Did the Trees Grow Fast in the Garden of Eden?



Question: David said, “Couldn’t God have caused all the trees in the garden of Eden to grow supernaturally fast, like he did with Jonah’s gourd.”

Answer: God created the laws of physics and biology so dispensing with them when there’s some work to be done seems unlikely. Genesis gives us three pieces of information that will help us answer your question.

Firstly: “The LORD God planted a garden eastward in Eden” (Gen 2:8). Planting a garden is different to saying “Let the land produce vegetation” (Gen 1:11). Planting requires some work: creating the right size hole then skilfully housing a sapling in the soil. “Planting” means to take something that already exists and plant it in a certain spot. Some tending is required as the plant grows. Genesis chapter 2 could have used the same words as Genesis chapter 1 to describe the growth of the garden but it didn’t.
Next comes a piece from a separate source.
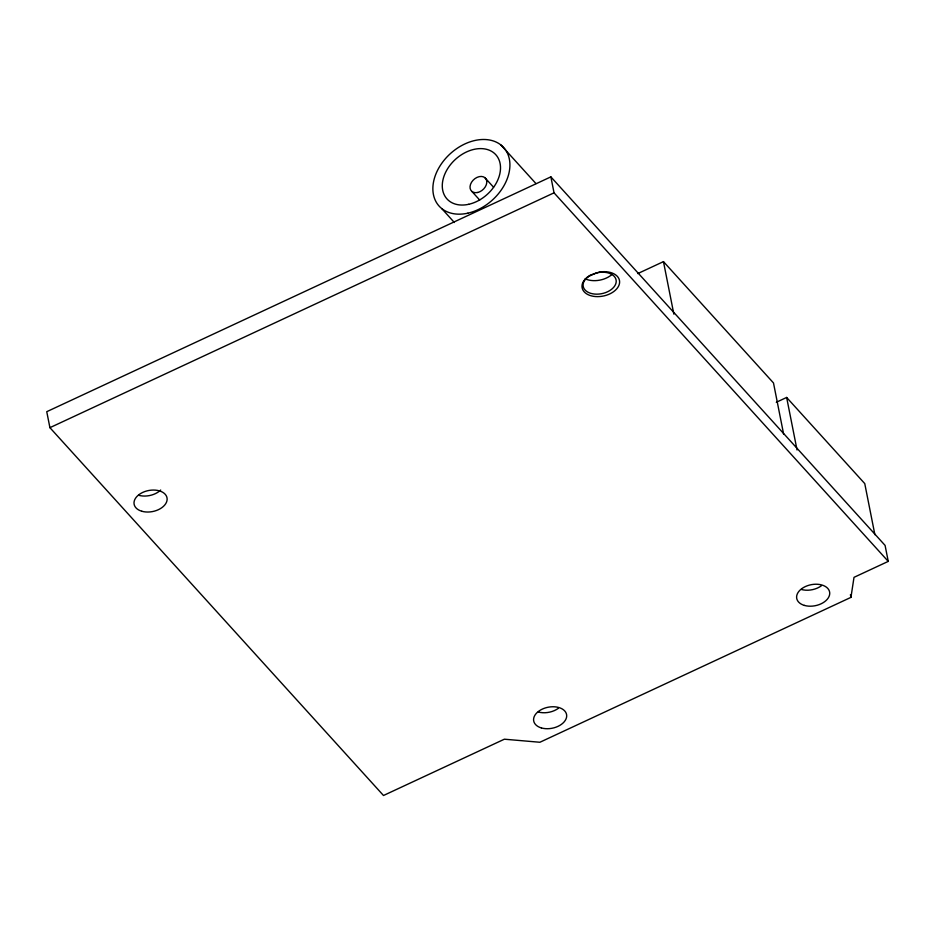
<?xml version="1.0" encoding="UTF-8"?>
<svg xmlns="http://www.w3.org/2000/svg" width="935" height="935" viewBox="0 0 935 935"><rect width="100%" height="100%" fill="white"/><g stroke="black" fill="none" stroke-linecap="round" stroke-linejoin="round"><path stroke-width="1.4" d="M850.943 597.371L854.006 577.339L888.25 561.386L885.083 545.409L550.867 176.867L46.75 411.692L49.917 427.669L383.49 795.498L504.374 739.199L539.892 742.261L850.943 597.371L850.418 594.707M49.917 427.669L554.034 192.832L888.25 561.386M637.763 273.593L663.464 261.625L773.49 382.953L783.612 434.05M776.295 402.272L786.639 397.457L864.758 483.594L874.879 534.691M501.02 145.065L535.942 183.564M484.868 177.638L493.575 187.234M471.953 191.5L479.678 200.02M441.764 208.598L454.363 222.507M786.639 397.457L797.041 449.969M663.464 261.625L673.854 314.137M550.867 176.867L554.034 192.832M160.68 490.033A16.76 10.706 -11.2 0 1 138.684 495.281M821.351 585.824A16.76 10.706 -11.2 0 1 801.272 589.447M558.312 708.356A16.76 10.706 -11.2 0 1 538.244 711.979M611.7 274.726A19.039 12.167 -11.2 0 1 585.123 278.805M586.736 277.59L583.978 280.57A19.039 12.167 -11.2 0 0 595.396 296.547A19.039 12.167 -11.2 0 0 619.496 283.41A19.039 12.167 -11.2 0 0 599.709 271.991L590.452 275.065L586.736 277.59M588.314 276.596L585.567 279.098A16.76 10.706 -11.2 0 0 594.87 294.093A16.76 10.706 -11.2 0 0 616.212 281.61A16.76 10.706 -11.2 0 0 595.864 273.078L588.314 276.596M804.439 605.424A16.76 10.706 -11.2 0 0 829.731 593.643A16.76 10.706 -11.2 0 0 805.339 586.572A16.76 10.706 -11.2 0 0 804.439 605.424M541.4 727.944A16.76 10.706 -11.2 0 0 566.692 716.163A16.76 10.706 -11.2 0 0 542.3 709.104A16.76 10.706 -11.2 0 0 541.4 727.944M141.839 511.258A16.76 10.706 -11.2 0 0 167.131 499.477A16.76 10.706 -11.2 0 0 142.739 492.406A16.76 10.706 -11.2 0 0 141.839 511.258M477.633 192.493A9.502 6.825 -42.2 0 0 486.036 178.994A9.502 6.825 -42.2 0 0 471.556 182.231A9.502 6.825 -42.2 0 0 477.633 192.493M467.851 213.18A43.583 31.311 -42.2 0 0 506.384 151.225A43.583 31.311 -42.2 0 0 439.929 166.079A43.583 31.311 -42.2 0 0 467.851 213.18M468.716 204.298A32.935 23.655 -42.2 0 0 497.841 157.477A32.935 23.655 -42.2 0 0 447.62 168.709A32.935 23.655 -42.2 0 0 468.716 204.298"/></g></svg>

In other words, we need to take note.

Secondly: The Hebrew word for “garden” is “gan”, which as Strong’s Concordance points out is an “enclosure”. When we read through Genesis 1 and into Genesis 2 we are moving from the Palaeolithic period into the Neolithic era. Trees had been created a long time before we get to the period that Genesis 2 is describing. The garden that God planted was “an enclosure.” The Latin word is “paradisum” a word borrowed from the Persian language, and meaning “a park-like enclosure.” This is where we get the word “paradise” from.

Thirdly: There’s some question whether the Lord caused Jonah’s gourd to grow fast. Here’s what Jonah 4:5-6 says,

“Jonah went out of the city, and sat on the east side of the city, and there made him a booth, and sat under it in the shadow, till he might see what would become of the city. And the LORD God prepared a gourd, and made it to come up over Jonah, that it might be a shadow over his head.”

Notice that Jonah was already sitting under the shade, the gourd seems to be what Jonah made the shade from. When the swarm of caterpillars quickly destroyed the shade the Lord used it as an example: Jonah had made a shade – God had made the 120,000 people who lived in Nineveh.

“Then said the LORD, Thou hast had pity on the gourd, for the which thou hast not laboured, neither madest it grow; which came up in a night, and perished in a night… should I not have concern for the great city of Nineveh, in which there are more than a hundred and twenty thousand people” (Jonah 4:10-11).

Let’s be careful about the phrase “which came up in a night and perished in a night.” The phrase doesn’t necessarily mean consecutive nights. This seems to be a lesson from nature some plants can spring up quickly (like people) but can disappear quickly too, (like people). The Psalms use a similar figure of speech: “In the morning it flourisheth, and groweth up; in the evening it is cut down, and withereth. (Ps 90:6).

So the answer to the question did the trees in the garden of Eden grow supernaturally fast is most likely no.